# Tv lcd Sony  kdl-32r400a



## nakasaky (Nov 9, 2015)

solicito diagrama para fuente dañada
en la tarjeta trae el codigo APS-348 (ID)


----------



## Dls (Nov 10, 2015)

Que problema tiene la fuente o que ocupas de la fuente?


----------



## naxito (Nov 10, 2015)

Disculpa nakasaky pero yo al menos, me enseñaron que de lo bueno, no se abusa y que las cosas se piden por favor ya que aca todos son voluntarios y no empleados, solo lo digo con la mejor intención,  espero no incomodar a ningun moderador y que aprendan que este foro es de ayuda free y no de pago.

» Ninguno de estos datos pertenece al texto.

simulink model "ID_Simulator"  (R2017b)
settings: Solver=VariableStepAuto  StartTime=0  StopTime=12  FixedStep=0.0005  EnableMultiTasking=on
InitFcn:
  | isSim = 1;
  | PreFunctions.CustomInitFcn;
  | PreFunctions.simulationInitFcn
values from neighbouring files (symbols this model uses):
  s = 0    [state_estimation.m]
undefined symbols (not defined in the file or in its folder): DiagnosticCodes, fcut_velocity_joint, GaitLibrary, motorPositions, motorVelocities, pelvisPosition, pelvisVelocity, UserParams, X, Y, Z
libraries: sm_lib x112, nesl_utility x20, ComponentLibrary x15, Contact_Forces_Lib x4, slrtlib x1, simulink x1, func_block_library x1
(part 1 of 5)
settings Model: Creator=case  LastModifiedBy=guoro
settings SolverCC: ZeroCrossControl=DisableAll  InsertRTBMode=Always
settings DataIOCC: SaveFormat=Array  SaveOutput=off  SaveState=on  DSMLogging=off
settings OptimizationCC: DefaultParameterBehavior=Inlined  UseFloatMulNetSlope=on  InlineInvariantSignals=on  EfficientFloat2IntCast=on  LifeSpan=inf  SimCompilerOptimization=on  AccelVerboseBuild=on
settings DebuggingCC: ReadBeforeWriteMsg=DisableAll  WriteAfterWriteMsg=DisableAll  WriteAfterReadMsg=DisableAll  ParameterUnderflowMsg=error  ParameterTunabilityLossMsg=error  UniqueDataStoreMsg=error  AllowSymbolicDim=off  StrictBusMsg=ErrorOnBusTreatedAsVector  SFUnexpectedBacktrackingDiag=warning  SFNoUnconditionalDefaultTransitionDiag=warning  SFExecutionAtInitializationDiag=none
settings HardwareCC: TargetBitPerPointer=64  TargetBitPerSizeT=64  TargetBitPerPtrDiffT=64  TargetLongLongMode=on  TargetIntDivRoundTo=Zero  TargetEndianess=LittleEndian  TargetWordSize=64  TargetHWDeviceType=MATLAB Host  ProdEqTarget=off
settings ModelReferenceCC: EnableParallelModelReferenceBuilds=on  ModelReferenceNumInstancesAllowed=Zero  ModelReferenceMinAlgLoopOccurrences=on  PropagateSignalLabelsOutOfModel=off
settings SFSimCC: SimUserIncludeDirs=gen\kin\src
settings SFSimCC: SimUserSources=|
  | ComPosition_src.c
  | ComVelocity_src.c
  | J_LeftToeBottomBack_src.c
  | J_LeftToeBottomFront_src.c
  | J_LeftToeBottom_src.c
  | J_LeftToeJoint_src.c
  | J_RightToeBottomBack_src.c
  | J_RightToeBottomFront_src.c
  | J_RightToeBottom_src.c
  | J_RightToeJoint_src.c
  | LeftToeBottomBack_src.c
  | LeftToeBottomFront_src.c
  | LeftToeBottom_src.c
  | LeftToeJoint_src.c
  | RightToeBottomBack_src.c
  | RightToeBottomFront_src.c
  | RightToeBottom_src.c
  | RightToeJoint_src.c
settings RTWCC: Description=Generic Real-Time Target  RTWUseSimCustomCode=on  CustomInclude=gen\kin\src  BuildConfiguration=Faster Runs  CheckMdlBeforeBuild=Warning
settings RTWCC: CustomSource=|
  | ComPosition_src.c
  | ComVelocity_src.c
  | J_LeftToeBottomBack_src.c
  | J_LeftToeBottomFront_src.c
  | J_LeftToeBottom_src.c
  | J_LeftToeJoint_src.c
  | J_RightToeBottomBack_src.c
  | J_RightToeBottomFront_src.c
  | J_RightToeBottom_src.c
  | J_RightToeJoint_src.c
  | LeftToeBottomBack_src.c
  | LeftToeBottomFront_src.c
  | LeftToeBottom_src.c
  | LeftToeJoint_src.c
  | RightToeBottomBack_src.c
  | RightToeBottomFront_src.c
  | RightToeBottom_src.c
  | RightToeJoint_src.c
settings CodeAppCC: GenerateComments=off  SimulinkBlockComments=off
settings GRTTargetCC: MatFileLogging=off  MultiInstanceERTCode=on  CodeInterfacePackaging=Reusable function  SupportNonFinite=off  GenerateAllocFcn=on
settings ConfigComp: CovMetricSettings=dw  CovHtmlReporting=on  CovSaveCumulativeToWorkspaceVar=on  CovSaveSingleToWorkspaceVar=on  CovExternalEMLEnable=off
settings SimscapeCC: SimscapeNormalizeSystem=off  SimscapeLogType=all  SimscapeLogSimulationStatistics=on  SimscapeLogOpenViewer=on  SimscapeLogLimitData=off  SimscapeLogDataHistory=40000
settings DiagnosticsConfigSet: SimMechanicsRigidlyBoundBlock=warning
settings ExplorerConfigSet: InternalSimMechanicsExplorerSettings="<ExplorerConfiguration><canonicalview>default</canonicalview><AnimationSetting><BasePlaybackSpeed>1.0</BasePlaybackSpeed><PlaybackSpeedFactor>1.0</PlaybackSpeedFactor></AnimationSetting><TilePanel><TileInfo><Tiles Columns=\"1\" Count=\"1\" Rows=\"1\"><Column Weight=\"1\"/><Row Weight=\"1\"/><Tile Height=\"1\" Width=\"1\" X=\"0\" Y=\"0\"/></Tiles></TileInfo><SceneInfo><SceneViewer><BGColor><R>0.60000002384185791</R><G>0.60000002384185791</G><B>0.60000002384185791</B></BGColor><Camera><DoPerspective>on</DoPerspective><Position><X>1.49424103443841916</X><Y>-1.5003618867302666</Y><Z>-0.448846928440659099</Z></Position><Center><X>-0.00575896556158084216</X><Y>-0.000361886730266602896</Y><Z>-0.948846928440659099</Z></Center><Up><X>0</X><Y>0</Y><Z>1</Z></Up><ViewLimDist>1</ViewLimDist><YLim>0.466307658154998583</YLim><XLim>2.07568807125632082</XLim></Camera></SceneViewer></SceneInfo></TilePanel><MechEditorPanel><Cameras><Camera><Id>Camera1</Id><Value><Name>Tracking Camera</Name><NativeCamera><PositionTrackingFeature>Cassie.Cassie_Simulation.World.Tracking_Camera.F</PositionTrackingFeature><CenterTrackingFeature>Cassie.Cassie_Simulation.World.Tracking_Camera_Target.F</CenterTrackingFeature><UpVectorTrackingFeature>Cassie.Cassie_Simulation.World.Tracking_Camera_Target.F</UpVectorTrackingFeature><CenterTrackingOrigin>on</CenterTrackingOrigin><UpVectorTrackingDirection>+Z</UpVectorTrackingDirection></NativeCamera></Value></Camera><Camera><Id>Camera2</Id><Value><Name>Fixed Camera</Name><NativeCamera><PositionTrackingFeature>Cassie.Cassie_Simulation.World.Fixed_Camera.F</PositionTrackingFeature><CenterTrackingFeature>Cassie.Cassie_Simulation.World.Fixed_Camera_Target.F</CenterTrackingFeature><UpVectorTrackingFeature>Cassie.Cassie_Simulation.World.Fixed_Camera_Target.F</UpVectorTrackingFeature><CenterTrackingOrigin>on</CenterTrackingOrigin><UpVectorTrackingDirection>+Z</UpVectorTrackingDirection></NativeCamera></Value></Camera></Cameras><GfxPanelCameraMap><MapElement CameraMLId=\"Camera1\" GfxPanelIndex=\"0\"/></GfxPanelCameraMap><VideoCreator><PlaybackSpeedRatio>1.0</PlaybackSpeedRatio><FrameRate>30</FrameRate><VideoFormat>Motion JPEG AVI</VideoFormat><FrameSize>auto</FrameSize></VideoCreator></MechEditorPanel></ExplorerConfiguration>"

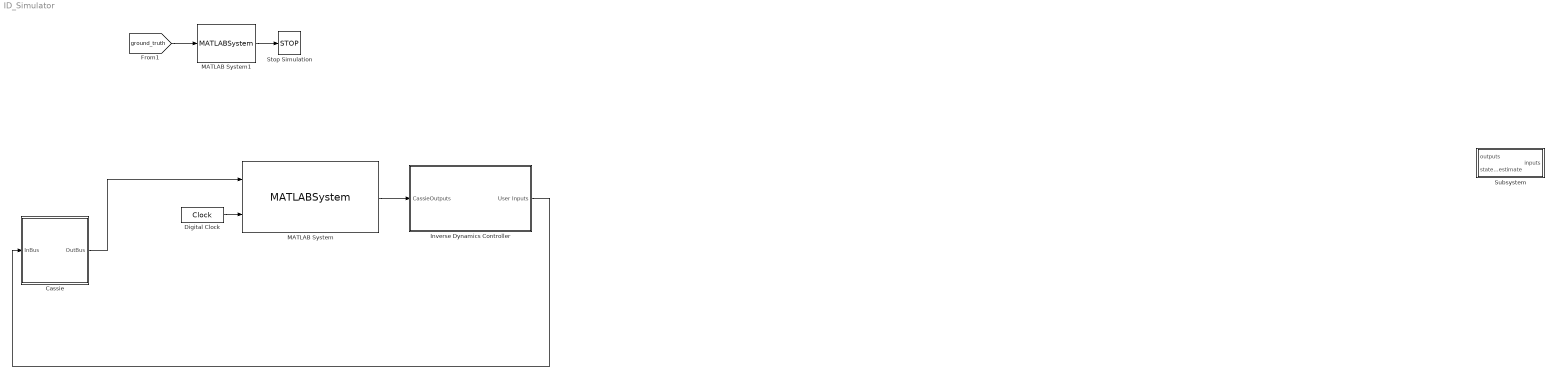
== system ID_Simulator ==
  Cassie : Subsystem  InitFcn=|  StartFcn=|  StopFcn=|
      InitFcn=|
      | % Start clock at initialization (used for computing real time performance)
      | initTime = tic;
      | 
      | % Import bus definitions
      | CassieModule.importBuses;
      StartFcn=|
      | % Store build time
      | buildTime = toc(initTime);
      StopFcn=|
      | % Store computation time
      | computationTime = toc(initTime) - buildTime;
      | 
      | % Get simulation time
      | simulationTime = get_param(bdroot, 'SimulationTime');
      | 
      | % Compute real time performance
      | percentRealTime = 100*simulationTime/computationTime;
      | 
      | % Display
      | fprintf('Build time: %0.2f seconds \n', buildTime);
      | fprintf('Simulation time: %0.2f seconds \n', simulationTime);
      | fprintf('Computation time: %0.2f seconds \n', computationTime);
      | fprintf('Performance: %0.2f%% real time \n', percentRealTime);
      mask Display: image('Cassie.png');
  Digital Clock : DigitalClock  SampleTime=UserParams.SampleTime
  Inverse Dynamics Controller : Subsystem
  MATLAB System : MATLABSystem  System=RemoteSpoofer  SimulateUsing=Code generation
      mask Type: RemoteSpoofer
      mask Display:
      | disp('RemoteSpoofer');
      | port_label('input',1,'cassieOutputs');
      | port_label('input',2,'t');
      | port_label('output',1,'cassieOutputs');
  MATLAB System1 : MATLABSystem  System=Stop_Criterion  SimulateUsing=Code generation
      mask Type: Stop_Criterion
      mask Display:
      | disp('Stop_Criterion');
      | port_label('input',1,'t');
      | port_label('output',1,'y');
  Stop Simulation : Stop
  Subsystem : Subsystem  AncestorBlock=FG_Controller_Library/Subsystem
  wires:
  Digital Clock/1 -> MATLAB System/2
  MATLAB System1/1 -> Stop Simulation/1
  [ground_truth] -> MATLAB System1/1
  Cassie/1(OutBus) -> MATLAB System/1
  Inverse Dynamics Controller/1(User Inputs) -> Cassie/1(InBus)
  MATLAB System/1 -> Inverse Dynamics Controller/1(CassieOutputs)

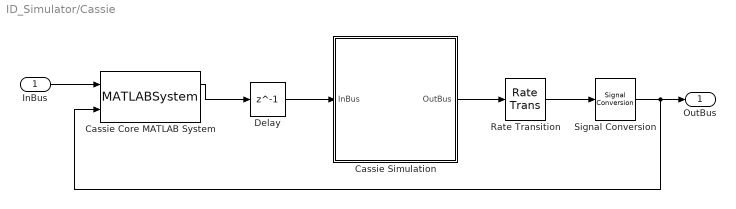
== system ID_Simulator/Cassie ==
  InBus : Inport  OutDataTypeStr=Bus: CassieUserInBus
  Cassie Core MATLAB System : MATLABSystem  System=CassieCoreSim  SimulateUsing=Code generation
      mask Type: CassieCoreSim
      mask Display: disp('CassieCoreSim');
  Cassie Simulation : Subsystem
      mask Display: image('Cassie.png');
  Delay : Delay  DelayLength=1
  Rate Transition : RateTransition  OutPortSampleTime=0.0005
  Signal Conversion : SignalConversion  ConversionOutput=Nonvirtual bus  OutDataTypeStr=Bus: CassieOutBus  OverrideOpt=off
  OutBus : Outport  OutDataTypeStr=Bus: CassieOutBus
  wires:
  Signal Conversion/1 -> OutBus/1, Cassie Core MATLAB System/2
  Cassie Simulation/1(OutBus) -> Rate Transition/1
  Rate Transition/1 -> Signal Conversion/1
  Delay/1 -> Cassie Simulation/1(InBus)
  Cassie Core MATLAB System/1 -> Delay/1
  InBus/1 -> Cassie Core MATLAB System/1

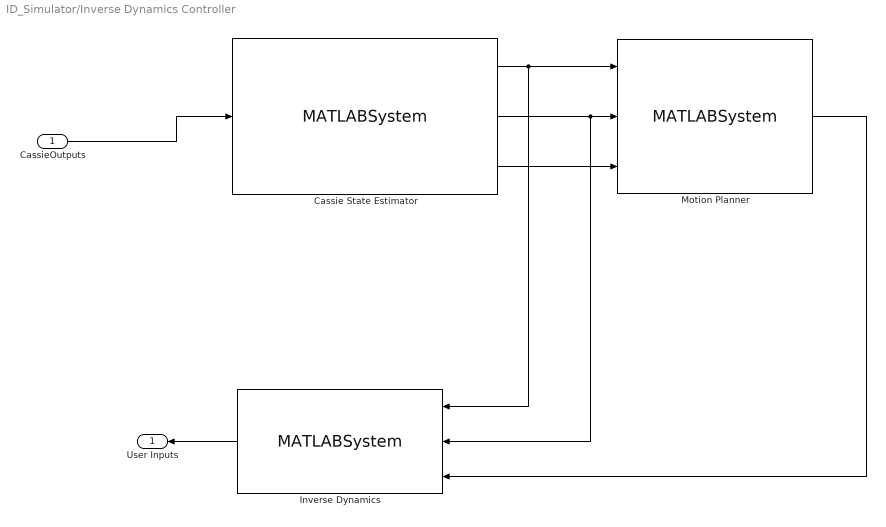
== system ID_Simulator/Inverse Dynamics Controller ==
  CassieOutputs : Inport
  Cassie State Estimator : MATLABSystem  System=stateEstimator  SimulateUsing=Code generation
      mask Type: stateEstimator
      mask Display:
      | disp('stateEstimator');
      | port_label('input',1,'cassieOutputs');
      | port_label('output',1,'q_fil');
      | port_label('output',2,'dq_fil');
      | port_label('output',3,'RadioButton');
  Inverse Dynamics : MATLABSystem  System=inverseDynamics  SimulateUsing=Code generation
      mask Type: inverseDynamics
      mask Display:
      | disp('inverseDynamics');
      | port_label('input',1,'q_fil');
      | port_label('input',2,'dq_fil');
      | port_label('input',3,'ddq_desired');
      | port_label('output',1,'userInputs');
  Motion Planner : MATLABSystem  System=motionPlanner  SimulateUsing=Code generation
      mask Type: motionPlanner
      mask Display:
      | disp('motionPlanner');
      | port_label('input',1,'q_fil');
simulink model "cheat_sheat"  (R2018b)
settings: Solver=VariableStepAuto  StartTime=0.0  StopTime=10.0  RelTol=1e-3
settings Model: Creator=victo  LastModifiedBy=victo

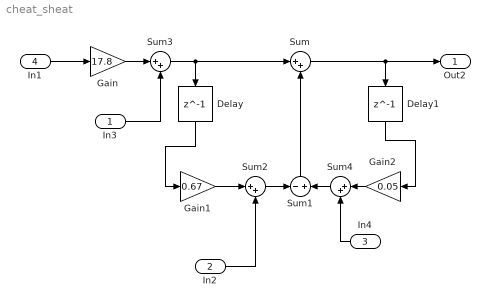
== system cheat_sheat ==
  In3 : Inport  OutMin=[-1]  OutMax=[1]
  In2 : Inport  Port=2  OutMin=[-1]  OutMax=[1]
  In4 : Inport  Port=3  OutMin=[-1]  OutMax=[1]
  In1 : Inport  Port=4  OutMin=[-1]  OutMax=[1]
  Delay : Delay  DelayLength=1
  Delay1 : Delay  DelayLength=1
  Gain : Gain  Gain=17.8
  Gain1 : Gain  Gain=0.67
  Gain2 : Gain  Gain=0.05
  Sum{,2..4} (4 alike) : Sum  Inputs=|++
  Sum1 : Sum  Inputs=-+
  Out2 : Outport
  wires:
  Delay1/1 -> Gain2/1
  Sum/1 -> Delay1/1, Out2/1
  Delay/1 -> Gain1/1
  Sum1/1 -> Sum/2
  In1/1 -> Gain/1
  Sum2/1 -> Sum1/1
  Gain1/1 -> Sum2/1
  In2/1 -> Sum2/2
  Gain/1 -> Sum3/1
  In3/1 -> Sum3/2
  Sum3/1 -> Sum/1, Delay/1
  Sum4/1 -> Sum1/2
  Gain2/1 -> Sum4/1
  In4/1 -> Sum4/2

Saludos


----------



## nakasaky (Nov 11, 2015)

para DLS;
problema con tv lcd sony en fuente.
el tv no enciende, no aparecen los 3.3v de stby
al desconectar la tarjeta main y checarla por separado
aplicandole los 3.3v con fuente externa al igual que se le aplican 12v a la tarjeta 
main, estos permanecen, ni se calienta ningun circuito.
al checar la tarjeta de fuente por separado, al momento de conectarla a linea
entrega en su salida 3.3v, 12v y uno de 68v para alimentacion de leds
al aplicar los 3.3v de stby a la orden power_on, este voltaje se cae a 0v, 
el de 12v se cae 3.2v y el de 68v baja a 17v y asi se queda con los voltajes bajos
aun cuando se retira el puente de power_on
al desconectarla de la linea se requiere de un tiempo de 15mns
para que al conectarla nuevamente aparescan los voltajes normales
esto pasa tambien cuando se conecta la main
necesito saber como estan los circuitos de regulacin y voltajes para poder checarlos 
y medir componentes para la reparacion
no puedo conseguir el diagrama aca en Mexico d.f.
si alguien lo tiene y me puede ayudar se los agradeceria

para el compañero NAXITO, tiene razón en su mensaje
pido una disculpa a el y a el foro por la expresión
solo puedo decir que era muy noche y muy estresado por los problemas de trabajo
cuando solicite el diagrama.
saludos desde Mexico d,f.


----------



## hellfire4 (Nov 12, 2015)

Halle el manual del service del KDL-32R420A, y en la lista del manual figura el KDL-32R421A, que emplea el mismo tipo de fuente que el kdl-32r400a

Sony Kdl-32r400a 32 "LED TV Power Supply Board aps-348 / b

fuente del KDL-32R421A:
http://computers-parts.com/brand-ne...supply-board-aps348bid-188842311-p-41473.html

El tema es que, pese a ser un manual del service (enlace inferior), increiblemente no tiene casi esquemas
Espero que les valga de algo, y si no, desde ya me disculpo


http://es.scribd.com/doc/278417180/KDL-32R420A#scribd


----------



## Dls (Nov 12, 2015)

Ya probaste en solo hacer encender la pura fuente sin main con el pin power on y stand by?


----------